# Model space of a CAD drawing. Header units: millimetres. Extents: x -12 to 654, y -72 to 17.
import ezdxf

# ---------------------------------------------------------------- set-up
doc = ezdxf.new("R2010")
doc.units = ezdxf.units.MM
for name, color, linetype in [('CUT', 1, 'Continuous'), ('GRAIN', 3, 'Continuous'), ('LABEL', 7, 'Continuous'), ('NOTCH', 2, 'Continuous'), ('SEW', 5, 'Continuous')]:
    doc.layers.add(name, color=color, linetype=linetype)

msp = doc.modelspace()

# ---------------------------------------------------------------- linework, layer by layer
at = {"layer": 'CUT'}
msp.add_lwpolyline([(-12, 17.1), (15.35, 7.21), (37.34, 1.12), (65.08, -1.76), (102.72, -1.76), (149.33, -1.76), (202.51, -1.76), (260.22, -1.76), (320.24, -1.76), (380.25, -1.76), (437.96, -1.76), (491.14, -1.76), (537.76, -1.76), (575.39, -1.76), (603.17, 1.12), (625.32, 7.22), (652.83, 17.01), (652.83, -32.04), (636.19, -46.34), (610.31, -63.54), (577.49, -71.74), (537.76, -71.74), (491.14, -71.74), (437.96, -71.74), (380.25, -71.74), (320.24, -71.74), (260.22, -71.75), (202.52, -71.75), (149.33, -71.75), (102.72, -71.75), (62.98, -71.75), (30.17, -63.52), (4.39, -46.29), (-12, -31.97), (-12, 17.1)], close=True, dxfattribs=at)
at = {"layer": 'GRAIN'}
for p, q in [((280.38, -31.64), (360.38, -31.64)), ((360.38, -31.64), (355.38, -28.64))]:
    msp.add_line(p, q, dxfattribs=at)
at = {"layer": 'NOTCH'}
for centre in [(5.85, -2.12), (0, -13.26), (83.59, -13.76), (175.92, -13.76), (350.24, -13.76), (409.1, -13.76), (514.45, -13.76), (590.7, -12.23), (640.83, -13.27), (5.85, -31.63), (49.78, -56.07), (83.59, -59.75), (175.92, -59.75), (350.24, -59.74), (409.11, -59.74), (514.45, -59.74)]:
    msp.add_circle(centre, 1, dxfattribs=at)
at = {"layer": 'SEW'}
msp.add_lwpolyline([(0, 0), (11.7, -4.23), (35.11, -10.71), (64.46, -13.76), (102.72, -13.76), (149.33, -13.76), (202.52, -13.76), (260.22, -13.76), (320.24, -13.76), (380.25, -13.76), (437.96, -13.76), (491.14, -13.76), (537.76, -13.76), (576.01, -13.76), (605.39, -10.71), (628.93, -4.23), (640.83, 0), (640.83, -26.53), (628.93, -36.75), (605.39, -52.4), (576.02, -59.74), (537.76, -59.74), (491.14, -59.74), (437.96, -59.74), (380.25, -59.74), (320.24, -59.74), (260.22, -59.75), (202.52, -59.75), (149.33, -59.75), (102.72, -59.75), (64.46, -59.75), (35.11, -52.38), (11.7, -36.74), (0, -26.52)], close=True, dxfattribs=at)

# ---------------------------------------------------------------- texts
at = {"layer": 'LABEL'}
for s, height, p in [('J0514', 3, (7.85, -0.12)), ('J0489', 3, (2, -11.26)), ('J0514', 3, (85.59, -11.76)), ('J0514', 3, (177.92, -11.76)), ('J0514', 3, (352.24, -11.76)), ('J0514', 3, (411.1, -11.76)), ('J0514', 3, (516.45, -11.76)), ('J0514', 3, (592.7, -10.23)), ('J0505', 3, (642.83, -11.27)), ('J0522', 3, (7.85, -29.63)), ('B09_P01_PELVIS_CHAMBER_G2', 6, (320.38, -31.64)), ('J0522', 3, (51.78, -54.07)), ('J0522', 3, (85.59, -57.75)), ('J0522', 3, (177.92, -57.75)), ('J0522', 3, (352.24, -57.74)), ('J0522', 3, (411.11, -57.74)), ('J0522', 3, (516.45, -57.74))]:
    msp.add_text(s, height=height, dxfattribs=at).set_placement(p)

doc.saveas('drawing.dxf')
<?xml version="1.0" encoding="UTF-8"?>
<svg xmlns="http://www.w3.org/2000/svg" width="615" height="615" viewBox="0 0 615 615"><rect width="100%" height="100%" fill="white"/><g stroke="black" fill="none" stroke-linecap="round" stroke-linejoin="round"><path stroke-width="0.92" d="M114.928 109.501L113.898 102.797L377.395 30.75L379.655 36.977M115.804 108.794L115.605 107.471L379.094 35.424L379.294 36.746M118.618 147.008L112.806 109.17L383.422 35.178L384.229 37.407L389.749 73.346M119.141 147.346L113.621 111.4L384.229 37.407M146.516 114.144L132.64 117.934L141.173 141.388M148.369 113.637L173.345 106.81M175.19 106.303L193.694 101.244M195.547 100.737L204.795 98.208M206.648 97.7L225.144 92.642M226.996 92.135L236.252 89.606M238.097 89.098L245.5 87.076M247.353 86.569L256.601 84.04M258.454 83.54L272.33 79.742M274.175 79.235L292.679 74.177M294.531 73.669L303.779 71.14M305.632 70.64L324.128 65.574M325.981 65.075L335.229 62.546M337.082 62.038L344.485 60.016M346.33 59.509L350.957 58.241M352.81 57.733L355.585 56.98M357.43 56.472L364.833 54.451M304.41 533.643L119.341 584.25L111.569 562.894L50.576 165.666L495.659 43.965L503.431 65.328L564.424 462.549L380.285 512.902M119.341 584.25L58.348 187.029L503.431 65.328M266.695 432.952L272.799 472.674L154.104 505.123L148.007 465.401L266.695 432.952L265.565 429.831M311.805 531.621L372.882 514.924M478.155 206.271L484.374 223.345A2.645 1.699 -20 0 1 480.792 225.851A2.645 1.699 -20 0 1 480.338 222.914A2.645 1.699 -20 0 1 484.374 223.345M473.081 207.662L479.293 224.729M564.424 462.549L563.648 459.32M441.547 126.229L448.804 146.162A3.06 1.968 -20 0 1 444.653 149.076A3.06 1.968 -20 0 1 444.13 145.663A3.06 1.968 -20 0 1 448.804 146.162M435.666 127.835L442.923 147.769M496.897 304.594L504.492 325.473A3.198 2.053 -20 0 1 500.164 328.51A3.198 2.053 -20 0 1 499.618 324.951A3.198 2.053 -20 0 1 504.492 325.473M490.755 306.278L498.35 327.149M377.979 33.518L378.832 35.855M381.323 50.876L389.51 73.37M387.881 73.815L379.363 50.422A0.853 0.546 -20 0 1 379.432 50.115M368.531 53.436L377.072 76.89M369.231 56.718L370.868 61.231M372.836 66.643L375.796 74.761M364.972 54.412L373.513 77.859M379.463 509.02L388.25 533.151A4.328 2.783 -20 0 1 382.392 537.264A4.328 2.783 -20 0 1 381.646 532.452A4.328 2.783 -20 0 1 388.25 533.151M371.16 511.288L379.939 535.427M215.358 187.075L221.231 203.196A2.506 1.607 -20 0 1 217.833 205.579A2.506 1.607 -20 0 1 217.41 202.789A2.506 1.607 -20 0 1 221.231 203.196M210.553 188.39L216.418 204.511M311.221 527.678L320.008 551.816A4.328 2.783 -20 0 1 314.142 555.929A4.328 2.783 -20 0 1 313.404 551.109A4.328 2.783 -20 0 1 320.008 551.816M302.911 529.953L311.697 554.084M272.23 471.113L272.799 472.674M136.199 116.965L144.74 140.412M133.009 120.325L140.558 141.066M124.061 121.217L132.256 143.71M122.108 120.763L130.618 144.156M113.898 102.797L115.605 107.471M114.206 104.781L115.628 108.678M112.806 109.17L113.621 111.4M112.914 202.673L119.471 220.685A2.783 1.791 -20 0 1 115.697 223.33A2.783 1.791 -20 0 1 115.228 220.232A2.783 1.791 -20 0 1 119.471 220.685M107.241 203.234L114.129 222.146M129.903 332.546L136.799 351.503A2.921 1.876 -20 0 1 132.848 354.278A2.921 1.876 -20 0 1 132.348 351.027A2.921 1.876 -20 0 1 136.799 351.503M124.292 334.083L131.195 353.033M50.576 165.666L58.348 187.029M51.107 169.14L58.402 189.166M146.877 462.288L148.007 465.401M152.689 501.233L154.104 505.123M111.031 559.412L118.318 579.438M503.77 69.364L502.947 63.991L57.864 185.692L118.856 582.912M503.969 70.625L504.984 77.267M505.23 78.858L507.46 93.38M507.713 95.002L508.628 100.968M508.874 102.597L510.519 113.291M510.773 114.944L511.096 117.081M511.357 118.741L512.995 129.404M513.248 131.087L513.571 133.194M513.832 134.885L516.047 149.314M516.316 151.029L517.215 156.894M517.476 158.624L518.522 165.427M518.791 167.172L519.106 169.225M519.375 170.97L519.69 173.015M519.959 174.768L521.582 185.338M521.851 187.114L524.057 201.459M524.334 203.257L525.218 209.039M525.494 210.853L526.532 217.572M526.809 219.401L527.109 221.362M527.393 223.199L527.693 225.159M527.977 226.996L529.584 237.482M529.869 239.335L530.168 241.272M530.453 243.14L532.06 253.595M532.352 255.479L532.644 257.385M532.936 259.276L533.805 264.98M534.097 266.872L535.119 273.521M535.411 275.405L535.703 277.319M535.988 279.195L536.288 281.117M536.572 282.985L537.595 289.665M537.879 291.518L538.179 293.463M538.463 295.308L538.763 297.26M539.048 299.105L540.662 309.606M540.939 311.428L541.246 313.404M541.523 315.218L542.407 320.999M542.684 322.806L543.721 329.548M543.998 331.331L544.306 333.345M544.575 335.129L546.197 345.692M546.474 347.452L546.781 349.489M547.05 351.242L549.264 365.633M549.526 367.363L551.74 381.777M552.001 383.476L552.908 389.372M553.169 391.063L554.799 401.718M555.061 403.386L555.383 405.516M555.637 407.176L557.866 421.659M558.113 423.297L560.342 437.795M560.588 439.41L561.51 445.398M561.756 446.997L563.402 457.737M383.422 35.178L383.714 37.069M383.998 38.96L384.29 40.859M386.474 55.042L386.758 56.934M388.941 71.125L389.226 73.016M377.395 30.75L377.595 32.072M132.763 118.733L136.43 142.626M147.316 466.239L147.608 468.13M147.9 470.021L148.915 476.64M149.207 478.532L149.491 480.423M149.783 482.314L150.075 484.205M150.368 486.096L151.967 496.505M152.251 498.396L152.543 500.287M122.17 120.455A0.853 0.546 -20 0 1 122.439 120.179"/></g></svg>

:::

__WHAT THIS TASK INVOLVES__
Scan the listing and report each line where the word "drawing" shows up.

__EXERCISE RESULT__
# Model space of a CAD drawing. Header units: millimetres. Extents: x -12 to 654, y -72 to 17.
doc.saveas('drawing.dxf')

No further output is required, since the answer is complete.